## DIRECTIONS FOR THIS TASK
From the data below, return the exact lines starting at the line containing "#203=DIRECTION('',(0.,1.,0.));" and ending at the line containing "#210=ORIENTED_EDGE('',*,*,#209,.F.);", both included, and nothing else.

***

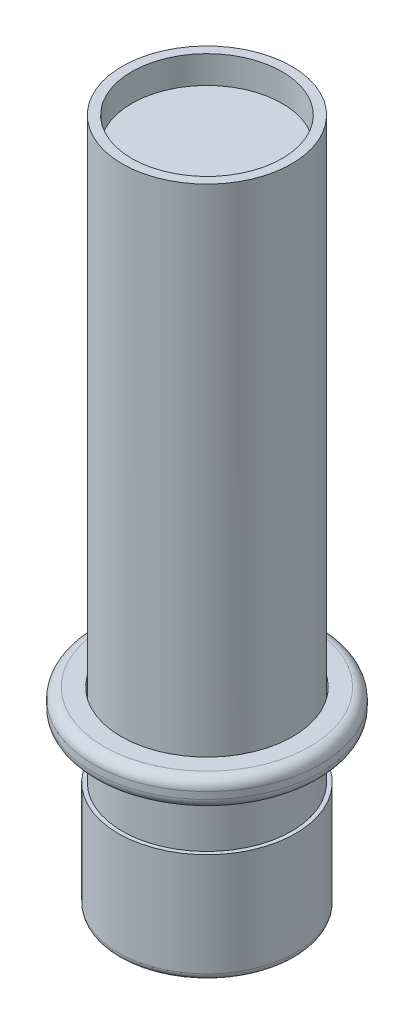
ISO-10303-21;
HEADER;
FILE_DESCRIPTION(('STEP AP214'),'2;1');
FILE_NAME('part.step','',(''),(''),'','','');
FILE_SCHEMA(('AUTOMOTIVE_DESIGN { 1 0 10303 214 1 1 1 1 }'));
ENDSEC;
DATA;
#1=APPLICATION_CONTEXT('core data for automotive mechanical design processes');
#2=APPLICATION_PROTOCOL_DEFINITION('international standard','automotive_design',2000,#1);
#3=PRODUCT_CONTEXT('',#1,'mechanical');
#4=PRODUCT('Part','Part','',(#3));
#5=PRODUCT_RELATED_PRODUCT_CATEGORY('part','',(#4));
#6=PRODUCT_DEFINITION_FORMATION('','',#4);
#7=PRODUCT_DEFINITION_CONTEXT('part definition',#1,'design');
#8=PRODUCT_DEFINITION('design','',#6,#7);
#9=PRODUCT_DEFINITION_SHAPE('','',#8);
#10=(LENGTH_UNIT() NAMED_UNIT(*) SI_UNIT(.MILLI.,.METRE.));
#11=(NAMED_UNIT(*) PLANE_ANGLE_UNIT() SI_UNIT($,.RADIAN.));
#12=(NAMED_UNIT(*) SI_UNIT($,.STERADIAN.) SOLID_ANGLE_UNIT());
#13=UNCERTAINTY_MEASURE_WITH_UNIT(LENGTH_MEASURE(1.E-05),#10,'distance_accuracy_value','');
#14=(GEOMETRIC_REPRESENTATION_CONTEXT(3) GLOBAL_UNCERTAINTY_ASSIGNED_CONTEXT((#13)) GLOBAL_UNIT_ASSIGNED_CONTEXT((#10,
#11,#12)) REPRESENTATION_CONTEXT('',''));
#15=CARTESIAN_POINT('',(0.,0.,0.));
#16=DIRECTION('',(0.,0.,1.));
#17=DIRECTION('',(1.,0.,0.));
#18=AXIS2_PLACEMENT_3D('',#15,#16,#17);
#19=CARTESIAN_POINT('',(0.,0.,0.));
#20=DIRECTION('',(0.,1.,0.));
#21=DIRECTION('',(0.,0.,1.));
#22=AXIS2_PLACEMENT_3D('',#19,#20,#21);
#23=PLANE('',#22);
#24=CARTESIAN_POINT('',(0.,0.,0.));
#25=DIRECTION('',(0.,1.,0.));
#26=DIRECTION('',(0.,0.,1.));
#27=AXIS2_PLACEMENT_3D('',#24,#25,#26);
#28=CIRCLE('',#27,7.488368975);
#29=CARTESIAN_POINT('',(0.,0.,7.488368975));
#30=VERTEX_POINT('',#29);
#31=EDGE_CURVE('E12',#30,#30,#28,.F.);
#32=ORIENTED_EDGE('',*,*,#31,.T.);
#33=EDGE_LOOP('',(#32));
#34=FACE_BOUND('',#33,.T.);
#35=CARTESIAN_POINT('',(0.,0.,0.));
#36=DIRECTION('',(0.,1.,0.));
#37=DIRECTION('',(0.,0.,1.));
#38=AXIS2_PLACEMENT_3D('',#35,#36,#37);
#39=CIRCLE('',#38,6.23566825402479);
#40=CARTESIAN_POINT('',(0.,0.,6.23566825402479));
#41=VERTEX_POINT('',#40);
#42=EDGE_CURVE('E86',#41,#41,#39,.T.);
#43=ORIENTED_EDGE('',*,*,#42,.T.);
#44=EDGE_LOOP('',(#43));
#45=FACE_BOUND('',#44,.T.);
#46=ADVANCED_FACE('F63',(#34,#45),#23,.F.);
#47=CARTESIAN_POINT('',(0.,2.,0.));
#48=DIRECTION('',(0.,1.,0.));
#49=DIRECTION('',(0.,0.,1.));
#50=AXIS2_PLACEMENT_3D('',#47,#48,#49);
#51=PLANE('',#50);
#52=CARTESIAN_POINT('',(0.,2.,0.));
#53=DIRECTION('',(0.,1.,0.));
#54=DIRECTION('',(0.,0.,1.));
#55=AXIS2_PLACEMENT_3D('',#52,#53,#54);
#56=CIRCLE('',#55,7.488368975);
#57=CARTESIAN_POINT('',(0.,2.,7.488368975));
#58=VERTEX_POINT('',#57);
#59=EDGE_CURVE('E78',#58,#58,#56,.T.);
#60=ORIENTED_EDGE('',*,*,#59,.T.);
#61=EDGE_LOOP('',(#60));
#62=FACE_BOUND('',#61,.T.);
#63=CARTESIAN_POINT('',(0.,2.,0.));
#64=DIRECTION('',(0.,1.,0.));
#65=DIRECTION('',(0.,0.,1.));
#66=AXIS2_PLACEMENT_3D('',#63,#64,#65);
#67=CIRCLE('',#66,6.23566825402479);
#68=CARTESIAN_POINT('',(0.,2.,6.23566825402479));
#69=VERTEX_POINT('',#68);
#70=EDGE_CURVE('E83',#69,#69,#67,.T.);
#71=ORIENTED_EDGE('',*,*,#70,.F.);
#72=EDGE_LOOP('',(#71));
#73=FACE_BOUND('',#72,.T.);
#74=ADVANCED_FACE('F99',(#62,#73),#51,.T.);
#75=CARTESIAN_POINT('',(0.,0.,0.));
#76=DIRECTION('',(0.,1.,0.));
#77=DIRECTION('',(0.,0.,1.));
#78=AXIS2_PLACEMENT_3D('',#75,#76,#77);
#79=CYLINDRICAL_SURFACE('',#78,8.238368975);
#80=CARTESIAN_POINT('',(0.,1.25,0.));
#81=DIRECTION('',(0.,1.,0.));
#82=DIRECTION('',(0.,0.,1.));
#83=AXIS2_PLACEMENT_3D('',#80,#81,#82);
#84=CIRCLE('',#83,8.238368975);
#85=CARTESIAN_POINT('',(0.,1.25,8.238368975));
#86=VERTEX_POINT('',#85);
#87=EDGE_CURVE('E70',#86,#86,#84,.F.);
#88=ORIENTED_EDGE('',*,*,#87,.T.);
#89=EDGE_LOOP('',(#88));
#90=FACE_BOUND('',#89,.T.);
#91=CARTESIAN_POINT('',(0.,0.750000000000003,0.));
#92=DIRECTION('',(0.,1.,0.));
#93=DIRECTION('',(0.,0.,1.));
#94=AXIS2_PLACEMENT_3D('',#91,#92,#93);
#95=CIRCLE('',#94,8.238368975);
#96=CARTESIAN_POINT('',(0.,0.750000000000003,8.238368975));
#97=VERTEX_POINT('',#96);
#98=EDGE_CURVE('E74',#97,#97,#95,.T.);
#99=ORIENTED_EDGE('',*,*,#98,.T.);
#100=EDGE_LOOP('',(#99));
#101=FACE_BOUND('',#100,.T.);
#102=ADVANCED_FACE('F95',(#90,#101),#79,.T.);
#103=CARTESIAN_POINT('',(0.,0.,0.));
#104=DIRECTION('',(0.,1.,0.));
#105=DIRECTION('',(0.,0.,1.));
#106=AXIS2_PLACEMENT_3D('',#103,#104,#105);
#107=CYLINDRICAL_SURFACE('',#106,6.23566825402479);
#108=ORIENTED_EDGE('',*,*,#42,.F.);
#109=EDGE_LOOP('',(#108));
#110=FACE_BOUND('',#109,.T.);
#111=ORIENTED_EDGE('',*,*,#70,.T.);
#112=EDGE_LOOP('',(#111));
#113=FACE_BOUND('',#112,.T.);
#114=ADVANCED_FACE('F91',(#110,#113),#107,.F.);
#115=CARTESIAN_POINT('',(0.,1.25,0.));
#116=DIRECTION('',(0.,1.,0.));
#117=DIRECTION('',(0.,0.,1.));
#118=AXIS2_PLACEMENT_3D('',#115,#116,#117);
#119=TOROIDAL_SURFACE('',#118,7.488368975,0.75);
#120=ORIENTED_EDGE('',*,*,#87,.F.);
#121=EDGE_LOOP('',(#120));
#122=FACE_BOUND('',#121,.T.);
#123=ORIENTED_EDGE('',*,*,#59,.F.);
#124=EDGE_LOOP('',(#123));
#125=FACE_BOUND('',#124,.T.);
#126=ADVANCED_FACE('F94',(#122,#125),#119,.T.);
#127=CARTESIAN_POINT('',(0.,0.750000000000003,0.));
#128=DIRECTION('',(0.,1.,0.));
#129=DIRECTION('',(0.,0.,1.));
#130=AXIS2_PLACEMENT_3D('',#127,#128,#129);
#131=TOROIDAL_SURFACE('',#130,7.488368975,0.75);
#132=ORIENTED_EDGE('',*,*,#31,.F.);
#133=EDGE_LOOP('',(#132));
#134=FACE_BOUND('',#133,.T.);
#135=ORIENTED_EDGE('',*,*,#98,.F.);
#136=EDGE_LOOP('',(#135));
#137=FACE_BOUND('',#136,.T.);
#138=ADVANCED_FACE('F65',(#134,#137),#131,.T.);
#139=CLOSED_SHELL('',(#46,#74,#102,#114,#126,#138));
#140=MANIFOLD_SOLID_BREP('B2',#139);
#141=CARTESIAN_POINT('',(0.,-12.,0.));
#142=DIRECTION('',(0.,1.,0.));
#143=DIRECTION('',(0.,0.,1.));
#144=AXIS2_PLACEMENT_3D('',#141,#142,#143);
#145=CYLINDRICAL_SURFACE('',#144,6.43760284811227);
#146=CARTESIAN_POINT('',(0.,-11.5,0.));
#147=DIRECTION('',(0.,-1.,0.));
#148=DIRECTION('',(0.,0.,-1.));
#149=AXIS2_PLACEMENT_3D('',#146,#147,#148);
#150=CIRCLE('',#149,6.43760284811227);
#151=CARTESIAN_POINT('',(0.,-11.5,-6.43760284811227));
#152=VERTEX_POINT('',#151);
#153=EDGE_CURVE('E62',#152,#152,#150,.F.);
#154=ORIENTED_EDGE('',*,*,#153,.T.);
#155=EDGE_LOOP('',(#154));
#156=FACE_BOUND('',#155,.T.);
#157=CARTESIAN_POINT('',(0.,-4.,0.));
#158=DIRECTION('',(0.,-1.,0.));
#159=DIRECTION('',(0.,0.,-1.));
#160=AXIS2_PLACEMENT_3D('',#157,#158,#159);
#161=CIRCLE('',#160,6.43760284811227);
#162=CARTESIAN_POINT('',(0.,-4.,-6.43760284811227));
#163=VERTEX_POINT('',#162);
#164=EDGE_CURVE('E179',#163,#163,#161,.T.);
#165=ORIENTED_EDGE('',*,*,#164,.T.);
#166=EDGE_LOOP('',(#165));
#167=FACE_BOUND('',#166,.T.);
#168=ADVANCED_FACE('F164',(#156,#167),#145,.T.);
#169=CARTESIAN_POINT('',(0.,-12.,0.));
#170=DIRECTION('',(0.,-1.,0.));
#171=DIRECTION('',(0.,0.,-1.));
#172=AXIS2_PLACEMENT_3D('',#169,#170,#171);
#173=PLANE('',#172);
#174=CARTESIAN_POINT('',(0.,-12.,0.));
#175=DIRECTION('',(0.,-1.,0.));
#176=DIRECTION('',(0.,0.,-1.));
#177=AXIS2_PLACEMENT_3D('',#174,#175,#176);
#178=CIRCLE('',#177,5.93760284811227);
#179=CARTESIAN_POINT('',(0.,-12.,-5.93760284811227));
#180=VERTEX_POINT('',#179);
#181=EDGE_CURVE('E171',#180,#180,#178,.T.);
#182=ORIENTED_EDGE('',*,*,#181,.T.);
#183=EDGE_LOOP('',(#182));
#184=FACE_BOUND('',#183,.T.);
#185=CARTESIAN_POINT('',(0.,-12.,0.));
#186=DIRECTION('',(0.,-1.,0.));
#187=DIRECTION('',(0.,0.,-1.));
#188=AXIS2_PLACEMENT_3D('',#185,#186,#187);
#189=CIRCLE('',#188,4.69381324136638);
#190=CARTESIAN_POINT('',(0.,-12.,-4.69381324136638));
#191=VERTEX_POINT('',#190);
#192=EDGE_CURVE('E185',#191,#191,#189,.T.);
#193=ORIENTED_EDGE('',*,*,#192,.F.);
#194=EDGE_LOOP('',(#193));
#195=FACE_BOUND('',#194,.T.);
#196=ADVANCED_FACE('F207',(#184,#195),#173,.T.);
#197=CARTESIAN_POINT('',(0.,-4.,0.));
#198=DIRECTION('',(0.,-1.,0.));
#199=DIRECTION('',(0.,0.,-1.));
#200=AXIS2_PLACEMENT_3D('',#197,#198,#199);
#201=PLANE('',#200);
#202=CARTESIAN_POINT('',(0.,-4.,0.));
#203=DIRECTION('',(0.,1.,0.));
#204=DIRECTION('',(0.,0.,1.));
#205=AXIS2_PLACEMENT_3D('',#202,#203,#204);
#206=CIRCLE('',#205,4.88292278866687);
#207=CARTESIAN_POINT('',(0.,-4.,4.88292278866687));
#208=VERTEX_POINT('',#207);
#209=EDGE_CURVE('E175',#208,#208,#206,.T.);
#210=ORIENTED_EDGE('',*,*,#209,.F.);
#211=EDGE_LOOP('',(#210));
#212=FACE_BOUND('',#211,.T.);
#213=ORIENTED_EDGE('',*,*,#164,.F.);
#214=EDGE_LOOP('',(#213));
#215=FACE_BOUND('',#214,.T.);
#216=ADVANCED_FACE('F203',(#212,#215),#201,.F.);
#217=CARTESIAN_POINT('',(0.,-7.,0.));
#218=DIRECTION('',(0.,-1.,0.));
#219=DIRECTION('',(0.,0.,-1.));
#220=AXIS2_PLACEMENT_3D('',#217,#218,#219);
#221=CYLINDRICAL_SURFACE('',#220,4.69381324136638);
#222=CARTESIAN_POINT('',(0.,-7.,0.));
#223=DIRECTION('',(0.,-1.,0.));
#224=DIRECTION('',(0.,0.,-1.));
#225=AXIS2_PLACEMENT_3D('',#222,#223,#224);
#226=CIRCLE('',#225,4.69381324136638);
#227=CARTESIAN_POINT('',(0.,-7.,-4.69381324136638));
#228=VERTEX_POINT('',#227);
#229=EDGE_CURVE('E184',#228,#228,#226,.T.);
#230=ORIENTED_EDGE('',*,*,#229,.F.);
#231=EDGE_LOOP('',(#230));
#232=FACE_BOUND('',#231,.T.);
#233=ORIENTED_EDGE('',*,*,#192,.T.);
#234=EDGE_LOOP('',(#233));
#235=FACE_BOUND('',#234,.T.);
#236=ADVANCED_FACE('F206',(#232,#235),#221,.F.);
#237=CARTESIAN_POINT('',(0.,-7.,0.));
#238=DIRECTION('',(0.,-1.,0.));
#239=DIRECTION('',(0.,0.,-1.));
#240=AXIS2_PLACEMENT_3D('',#237,#238,#239);
#241=PLANE('',#240);
#242=ORIENTED_EDGE('',*,*,#229,.T.);
#243=EDGE_LOOP('',(#242));
#244=FACE_BOUND('',#243,.T.);
#245=ADVANCED_FACE('F199',(#244),#241,.T.);
#246=CARTESIAN_POINT('',(0.,-2.,0.));
#247=DIRECTION('',(0.,-1.,0.));
#248=DIRECTION('',(0.,0.,-1.));
#249=AXIS2_PLACEMENT_3D('',#246,#247,#248);
#250=CYLINDRICAL_SURFACE('',#249,4.88292278866687);
#251=CARTESIAN_POINT('',(0.,-2.,0.));
#252=DIRECTION('',(0.,1.,0.));
#253=DIRECTION('',(0.,0.,1.));
#254=AXIS2_PLACEMENT_3D('',#251,#252,#253);
#255=CIRCLE('',#254,4.88292278866687);
#256=CARTESIAN_POINT('',(0.,-2.,4.88292278866687));
#257=VERTEX_POINT('',#256);
#258=EDGE_CURVE('E188',#257,#257,#255,.T.);
#259=ORIENTED_EDGE('',*,*,#258,.F.);
#260=EDGE_LOOP('',(#259));
#261=FACE_BOUND('',#260,.T.);
#262=ORIENTED_EDGE('',*,*,#209,.T.);
#263=EDGE_LOOP('',(#262));
#264=FACE_BOUND('',#263,.T.);
#265=ADVANCED_FACE('F196',(#261,#264),#250,.T.);
#266=CARTESIAN_POINT('',(0.,-2.,0.));
#267=DIRECTION('',(0.,1.,0.));
#268=DIRECTION('',(0.,0.,1.));
#269=AXIS2_PLACEMENT_3D('',#266,#267,#268);
#270=PLANE('',#269);
#271=ORIENTED_EDGE('',*,*,#258,.T.);
#272=EDGE_LOOP('',(#271));
#273=FACE_BOUND('',#272,.T.);
#274=ADVANCED_FACE('F194',(#273),#270,.T.);
#275=CARTESIAN_POINT('',(0.,-11.5,0.));
#276=DIRECTION('',(0.,-1.,0.));
#277=DIRECTION('',(0.,0.,-1.));
#278=AXIS2_PLACEMENT_3D('',#275,#276,#277);
#279=TOROIDAL_SURFACE('',#278,5.93760284811227,0.5);
#280=ORIENTED_EDGE('',*,*,#153,.F.);
#281=EDGE_LOOP('',(#280));
#282=FACE_BOUND('',#281,.T.);
#283=ORIENTED_EDGE('',*,*,#181,.F.);
#284=EDGE_LOOP('',(#283));
#285=FACE_BOUND('',#284,.T.);
#286=ADVANCED_FACE('F166',(#282,#285),#279,.T.);
#287=CLOSED_SHELL('',(#168,#196,#216,#236,#245,#265,#274,#286));
#288=MANIFOLD_SOLID_BREP('B7',#287);
#289=CARTESIAN_POINT('',(3.35,23.,-3.35));
#290=DIRECTION('',(-1.,0.,0.));
#291=DIRECTION('',(0.,0.,1.));
#292=AXIS2_PLACEMENT_3D('',#289,#290,#291);
#293=PLANE('',#292);
#294=DIRECTION('',(0.,1.,0.));
#295=VECTOR('',#294,1.);
#296=CARTESIAN_POINT('',(3.35,23.,-1.35));
#297=LINE('',#296,#295);
#298=CARTESIAN_POINT('',(3.35,25.,-1.35));
#299=VERTEX_POINT('',#298);
#300=CARTESIAN_POINT('',(3.35,31.,-1.35));
#301=VERTEX_POINT('',#300);
#302=EDGE_CURVE('E439',#299,#301,#297,.T.);
#303=ORIENTED_EDGE('',*,*,#302,.T.);
#304=DIRECTION('',(0.,0.,1.));
#305=VECTOR('',#304,1.);
#306=CARTESIAN_POINT('',(3.35,31.,3.35));
#307=LINE('',#306,#305);
#308=CARTESIAN_POINT('',(3.35,31.,1.35));
#309=VERTEX_POINT('',#308);
#310=EDGE_CURVE('E445',#301,#309,#307,.T.);
#311=ORIENTED_EDGE('',*,*,#310,.T.);
#312=DIRECTION('',(0.,1.,0.));
#313=VECTOR('',#312,1.);
#314=CARTESIAN_POINT('',(3.35,23.,1.35));
#315=LINE('',#314,#313);
#316=CARTESIAN_POINT('',(3.35,25.,1.35));
#317=VERTEX_POINT('',#316);
#318=EDGE_CURVE('E443',#309,#317,#315,.F.);
#319=ORIENTED_EDGE('',*,*,#318,.T.);
#320=DIRECTION('',(0.,0.,1.));
#321=VECTOR('',#320,1.);
#322=CARTESIAN_POINT('',(3.35,25.,-3.35));
#323=LINE('',#322,#321);
#324=EDGE_CURVE('E441',#317,#299,#323,.F.);
#325=ORIENTED_EDGE('',*,*,#324,.T.);
#326=EDGE_LOOP('',(#303,#311,#319,#325));
#327=FACE_BOUND('',#326,.T.);
#328=ADVANCED_FACE('F287',(#327),#293,.F.);
#329=CARTESIAN_POINT('',(-3.35,23.,3.35));
#330=DIRECTION('',(0.,0.,-1.));
#331=DIRECTION('',(-1.,0.,0.));
#332=AXIS2_PLACEMENT_3D('',#329,#330,#331);
#333=PLANE('',#332);
#334=DIRECTION('',(-1.,0.,0.));
#335=VECTOR('',#334,1.);
#336=CARTESIAN_POINT('',(-3.35,25.,3.35));
#337=LINE('',#336,#335);
#338=CARTESIAN_POINT('',(-1.35,25.,3.35));
#339=VERTEX_POINT('',#338);
#340=CARTESIAN_POINT('',(1.35,25.,3.35));
#341=VERTEX_POINT('',#340);
#342=EDGE_CURVE('E432',#339,#341,#337,.F.);
#343=ORIENTED_EDGE('',*,*,#342,.T.);
#344=DIRECTION('',(0.,1.,0.));
#345=VECTOR('',#344,1.);
#346=CARTESIAN_POINT('',(1.35,23.,3.35));
#347=LINE('',#346,#345);
#348=CARTESIAN_POINT('',(1.35,31.,3.35));
#349=VERTEX_POINT('',#348);
#350=EDGE_CURVE('E437',#341,#349,#347,.T.);
#351=ORIENTED_EDGE('',*,*,#350,.T.);
#352=DIRECTION('',(-1.,0.,0.));
#353=VECTOR('',#352,1.);
#354=CARTESIAN_POINT('',(-3.35,31.,3.35));
#355=LINE('',#354,#353);
#356=CARTESIAN_POINT('',(-1.35,31.,3.35));
#357=VERTEX_POINT('',#356);
#358=EDGE_CURVE('E434',#349,#357,#355,.T.);
#359=ORIENTED_EDGE('',*,*,#358,.T.);
#360=DIRECTION('',(0.,1.,0.));
#361=VECTOR('',#360,1.);
#362=CARTESIAN_POINT('',(-1.35,23.,3.35));
#363=LINE('',#362,#361);
#364=EDGE_CURVE('E430',#357,#339,#363,.F.);
#365=ORIENTED_EDGE('',*,*,#364,.T.);
#366=EDGE_LOOP('',(#343,#351,#359,#365));
#367=FACE_BOUND('',#366,.T.);
#368=ADVANCED_FACE('F521',(#367),#333,.F.);
#369=CARTESIAN_POINT('',(-3.35,23.,-3.35));
#370=DIRECTION('',(1.,0.,0.));
#371=DIRECTION('',(0.,0.,-1.));
#372=AXIS2_PLACEMENT_3D('',#369,#370,#371);
#373=PLANE('',#372);
#374=DIRECTION('',(0.,0.,-1.));
#375=VECTOR('',#374,1.);
#376=CARTESIAN_POINT('',(-3.35,25.,-3.35));
#377=LINE('',#376,#375);
#378=CARTESIAN_POINT('',(-3.35,25.,-1.35));
#379=VERTEX_POINT('',#378);
#380=CARTESIAN_POINT('',(-3.35,25.,1.35));
#381=VERTEX_POINT('',#380);
#382=EDGE_CURVE('E404',#379,#381,#377,.F.);
#383=ORIENTED_EDGE('',*,*,#382,.T.);
#384=DIRECTION('',(0.,1.,0.));
#385=VECTOR('',#384,1.);
#386=CARTESIAN_POINT('',(-3.35,23.,1.35));
#387=LINE('',#386,#385);
#388=CARTESIAN_POINT('',(-3.35,31.,1.35));
#389=VERTEX_POINT('',#388);
#390=EDGE_CURVE('E408',#381,#389,#387,.T.);
#391=ORIENTED_EDGE('',*,*,#390,.T.);
#392=DIRECTION('',(0.,0.,-1.));
#393=VECTOR('',#392,1.);
#394=CARTESIAN_POINT('',(-3.35,31.,-3.35));
#395=LINE('',#394,#393);
#396=CARTESIAN_POINT('',(-3.35,31.,-1.35));
#397=VERTEX_POINT('',#396);
#398=EDGE_CURVE('E380',#389,#397,#395,.T.);
#399=ORIENTED_EDGE('',*,*,#398,.T.);
#400=DIRECTION('',(0.,1.,0.));
#401=VECTOR('',#400,1.);
#402=CARTESIAN_POINT('',(-3.35,23.,-1.35));
#403=LINE('',#402,#401);
#404=EDGE_CURVE('E398',#397,#379,#403,.F.);
#405=ORIENTED_EDGE('',*,*,#404,.T.);
#406=EDGE_LOOP('',(#383,#391,#399,#405));
#407=FACE_BOUND('',#406,.T.);
#408=ADVANCED_FACE('F406',(#407),#373,.F.);
#409=CARTESIAN_POINT('',(-3.35,23.,-3.35));
#410=DIRECTION('',(0.,0.,1.));
#411=DIRECTION('',(1.,0.,0.));
#412=AXIS2_PLACEMENT_3D('',#409,#410,#411);
#413=PLANE('',#412);
#414=DIRECTION('',(0.,1.,0.));
#415=VECTOR('',#414,1.);
#416=CARTESIAN_POINT('',(-1.35,23.,-3.35));
#417=LINE('',#416,#415);
#418=CARTESIAN_POINT('',(-1.35,25.,-3.35));
#419=VERTEX_POINT('',#418);
#420=CARTESIAN_POINT('',(-1.35,31.,-3.35));
#421=VERTEX_POINT('',#420);
#422=EDGE_CURVE('E421',#419,#421,#417,.T.);
#423=ORIENTED_EDGE('',*,*,#422,.T.);
#424=DIRECTION('',(1.,0.,0.));
#425=VECTOR('',#424,1.);
#426=CARTESIAN_POINT('',(3.35,31.,-3.35));
#427=LINE('',#426,#425);
#428=CARTESIAN_POINT('',(1.35,31.,-3.35));
#429=VERTEX_POINT('',#428);
#430=EDGE_CURVE('E427',#421,#429,#427,.T.);
#431=ORIENTED_EDGE('',*,*,#430,.T.);
#432=DIRECTION('',(0.,1.,0.));
#433=VECTOR('',#432,1.);
#434=CARTESIAN_POINT('',(1.35,23.,-3.35));
#435=LINE('',#434,#433);
#436=CARTESIAN_POINT('',(1.35,25.,-3.35));
#437=VERTEX_POINT('',#436);
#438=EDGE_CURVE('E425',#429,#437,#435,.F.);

***

## REPLY TO THE TASK
#203=DIRECTION('',(0.,1.,0.));
#204=DIRECTION('',(0.,0.,1.));
#205=AXIS2_PLACEMENT_3D('',#202,#203,#204);
#206=CIRCLE('',#205,4.88292278866687);
#207=CARTESIAN_POINT('',(0.,-4.,4.88292278866687));
#208=VERTEX_POINT('',#207);
#209=EDGE_CURVE('E175',#208,#208,#206,.T.);
#210=ORIENTED_EDGE('',*,*,#209,.F.);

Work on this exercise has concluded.